Data for review below:

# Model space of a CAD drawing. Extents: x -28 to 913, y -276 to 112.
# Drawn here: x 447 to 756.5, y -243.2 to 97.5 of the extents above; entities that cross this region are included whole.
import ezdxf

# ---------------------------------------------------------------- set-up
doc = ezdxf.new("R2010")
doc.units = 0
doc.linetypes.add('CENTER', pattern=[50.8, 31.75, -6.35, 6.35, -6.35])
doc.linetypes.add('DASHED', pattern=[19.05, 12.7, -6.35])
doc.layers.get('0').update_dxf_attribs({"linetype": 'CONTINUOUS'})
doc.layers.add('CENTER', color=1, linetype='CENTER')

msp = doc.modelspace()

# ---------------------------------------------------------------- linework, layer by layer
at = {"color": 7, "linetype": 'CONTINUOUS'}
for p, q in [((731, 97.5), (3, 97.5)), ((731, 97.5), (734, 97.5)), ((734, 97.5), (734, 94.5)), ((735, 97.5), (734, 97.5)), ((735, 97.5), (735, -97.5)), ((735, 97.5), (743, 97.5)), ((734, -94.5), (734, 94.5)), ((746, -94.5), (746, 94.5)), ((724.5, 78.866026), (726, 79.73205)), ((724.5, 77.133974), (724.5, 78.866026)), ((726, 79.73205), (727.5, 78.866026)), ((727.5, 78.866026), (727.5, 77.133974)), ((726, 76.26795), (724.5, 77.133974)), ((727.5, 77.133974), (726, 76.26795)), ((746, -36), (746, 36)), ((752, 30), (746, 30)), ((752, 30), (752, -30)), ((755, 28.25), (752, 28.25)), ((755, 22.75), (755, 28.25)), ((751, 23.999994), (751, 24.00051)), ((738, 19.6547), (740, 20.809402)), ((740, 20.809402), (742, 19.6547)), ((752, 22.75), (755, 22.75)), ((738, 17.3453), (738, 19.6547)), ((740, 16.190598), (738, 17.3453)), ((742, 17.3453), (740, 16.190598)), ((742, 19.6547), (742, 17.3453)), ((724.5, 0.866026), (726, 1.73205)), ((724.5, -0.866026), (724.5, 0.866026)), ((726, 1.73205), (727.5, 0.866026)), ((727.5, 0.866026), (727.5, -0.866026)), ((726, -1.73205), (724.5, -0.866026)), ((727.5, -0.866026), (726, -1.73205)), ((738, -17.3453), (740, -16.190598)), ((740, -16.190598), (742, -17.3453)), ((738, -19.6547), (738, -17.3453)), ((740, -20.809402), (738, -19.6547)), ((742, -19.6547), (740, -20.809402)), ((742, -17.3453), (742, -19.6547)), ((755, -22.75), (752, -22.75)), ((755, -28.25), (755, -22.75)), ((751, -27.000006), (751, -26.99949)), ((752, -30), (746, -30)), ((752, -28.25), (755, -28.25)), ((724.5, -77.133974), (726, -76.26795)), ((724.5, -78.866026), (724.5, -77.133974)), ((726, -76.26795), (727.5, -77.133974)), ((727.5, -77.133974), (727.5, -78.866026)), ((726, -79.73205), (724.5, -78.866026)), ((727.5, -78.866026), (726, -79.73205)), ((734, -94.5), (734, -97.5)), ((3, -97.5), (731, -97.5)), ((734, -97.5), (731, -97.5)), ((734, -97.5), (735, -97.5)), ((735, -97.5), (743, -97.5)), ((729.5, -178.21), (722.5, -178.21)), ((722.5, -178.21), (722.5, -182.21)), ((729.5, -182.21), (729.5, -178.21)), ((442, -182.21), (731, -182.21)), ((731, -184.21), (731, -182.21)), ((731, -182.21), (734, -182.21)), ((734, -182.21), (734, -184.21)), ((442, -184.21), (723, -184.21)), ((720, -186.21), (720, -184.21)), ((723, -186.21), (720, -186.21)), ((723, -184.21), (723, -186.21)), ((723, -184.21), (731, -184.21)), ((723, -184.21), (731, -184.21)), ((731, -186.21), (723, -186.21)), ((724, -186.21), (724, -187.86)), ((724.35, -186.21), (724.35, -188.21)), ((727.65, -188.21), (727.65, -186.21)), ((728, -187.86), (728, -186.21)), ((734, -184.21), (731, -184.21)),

End of Data for review.

### [Problem to solve]
Transcribe the records exactly as they appear.

### [Solution for this task]
# Model space of a CAD drawing. Extents: x -28 to 913, y -276 to 112.
# Drawn here: x 447 to 756.5, y -243.2 to 97.5 of the extents above; entities that cross this region are included whole.
import ezdxf

# ---------------------------------------------------------------- set-up
doc = ezdxf.new("R2010")
doc.units = 0
doc.linetypes.add('CENTER', pattern=[50.8, 31.75, -6.35, 6.35, -6.35])
doc.linetypes.add('DASHED', pattern=[19.05, 12.7, -6.35])
doc.layers.get('0').update_dxf_attribs({"linetype": 'CONTINUOUS'})
doc.layers.add('CENTER', color=1, linetype='CENTER')

msp = doc.modelspace()

# ---------------------------------------------------------------- linework, layer by layer
at = {"color": 7, "linetype": 'CONTINUOUS'}
for p, q in [((731, 97.5), (3, 97.5)), ((731, 97.5), (734, 97.5)), ((734, 97.5), (734, 94.5)), ((735, 97.5), (734, 97.5)), ((735, 97.5), (735, -97.5)), ((735, 97.5), (743, 97.5)), ((734, -94.5), (734, 94.5)), ((746, -94.5), (746, 94.5)), ((724.5, 78.866026), (726, 79.73205)), ((724.5, 77.133974), (724.5, 78.866026)), ((726, 79.73205), (727.5, 78.866026)), ((727.5, 78.866026), (727.5, 77.133974)), ((726, 76.26795), (724.5, 77.133974)), ((727.5, 77.133974), (726, 76.26795)), ((746, -36), (746, 36)), ((752, 30), (746, 30)), ((752, 30), (752, -30)), ((755, 28.25), (752, 28.25)), ((755, 22.75), (755, 28.25)), ((751, 23.999994), (751, 24.00051)), ((738, 19.6547), (740, 20.809402)), ((740, 20.809402), (742, 19.6547)), ((752, 22.75), (755, 22.75)), ((738, 17.3453), (738, 19.6547)), ((740, 16.190598), (738, 17.3453)), ((742, 17.3453), (740, 16.190598)), ((742, 19.6547), (742, 17.3453)), ((724.5, 0.866026), (726, 1.73205)), ((724.5, -0.866026), (724.5, 0.866026)), ((726, 1.73205), (727.5, 0.866026)), ((727.5, 0.866026), (727.5, -0.866026)), ((726, -1.73205), (724.5, -0.866026)), ((727.5, -0.866026), (726, -1.73205)), ((738, -17.3453), (740, -16.190598)), ((740, -16.190598), (742, -17.3453)), ((738, -19.6547), (738, -17.3453)), ((740, -20.809402), (738, -19.6547)), ((742, -19.6547), (740, -20.809402)), ((742, -17.3453), (742, -19.6547)), ((755, -22.75), (752, -22.75)), ((755, -28.25), (755, -22.75)), ((751, -27.000006), (751, -26.99949)), ((752, -30), (746, -30)), ((752, -28.25), (755, -28.25)), ((724.5, -77.133974), (726, -76.26795)), ((724.5, -78.866026), (724.5, -77.133974)), ((726, -76.26795), (727.5, -77.133974)), ((727.5, -77.133974), (727.5, -78.866026)), ((726, -79.73205), (724.5, -78.866026)), ((727.5, -78.866026), (726, -79.73205)), ((734, -94.5), (734, -97.5)), ((3, -97.5), (731, -97.5)), ((734, -97.5), (731, -97.5)), ((734, -97.5), (735, -97.5)), ((735, -97.5), (743, -97.5)), ((729.5, -178.21), (722.5, -178.21)), ((722.5, -178.21), (722.5, -182.21)), ((729.5, -182.21), (729.5, -178.21)), ((442, -182.21), (731, -182.21)), ((731, -184.21), (731, -182.21)), ((731, -182.21), (734, -182.21)), ((734, -182.21), (734, -184.21)), ((442, -184.21), (723, -184.21)), ((720, -186.21), (720, -184.21)), ((723, -186.21), (720, -186.21)), ((723, -184.21), (723, -186.21)), ((723, -184.21), (731, -184.21)), ((723, -184.21), (731, -184.21)), ((731, -186.21), (723, -186.21)), ((724, -186.21), (724, -187.86)), ((724.35, -186.21), (724.35, -188.21)), ((727.65, -188.21), (727.65, -186.21)), ((728, -187.86), (728, -186.21)), ((734, -184.21), (731, -184.21)),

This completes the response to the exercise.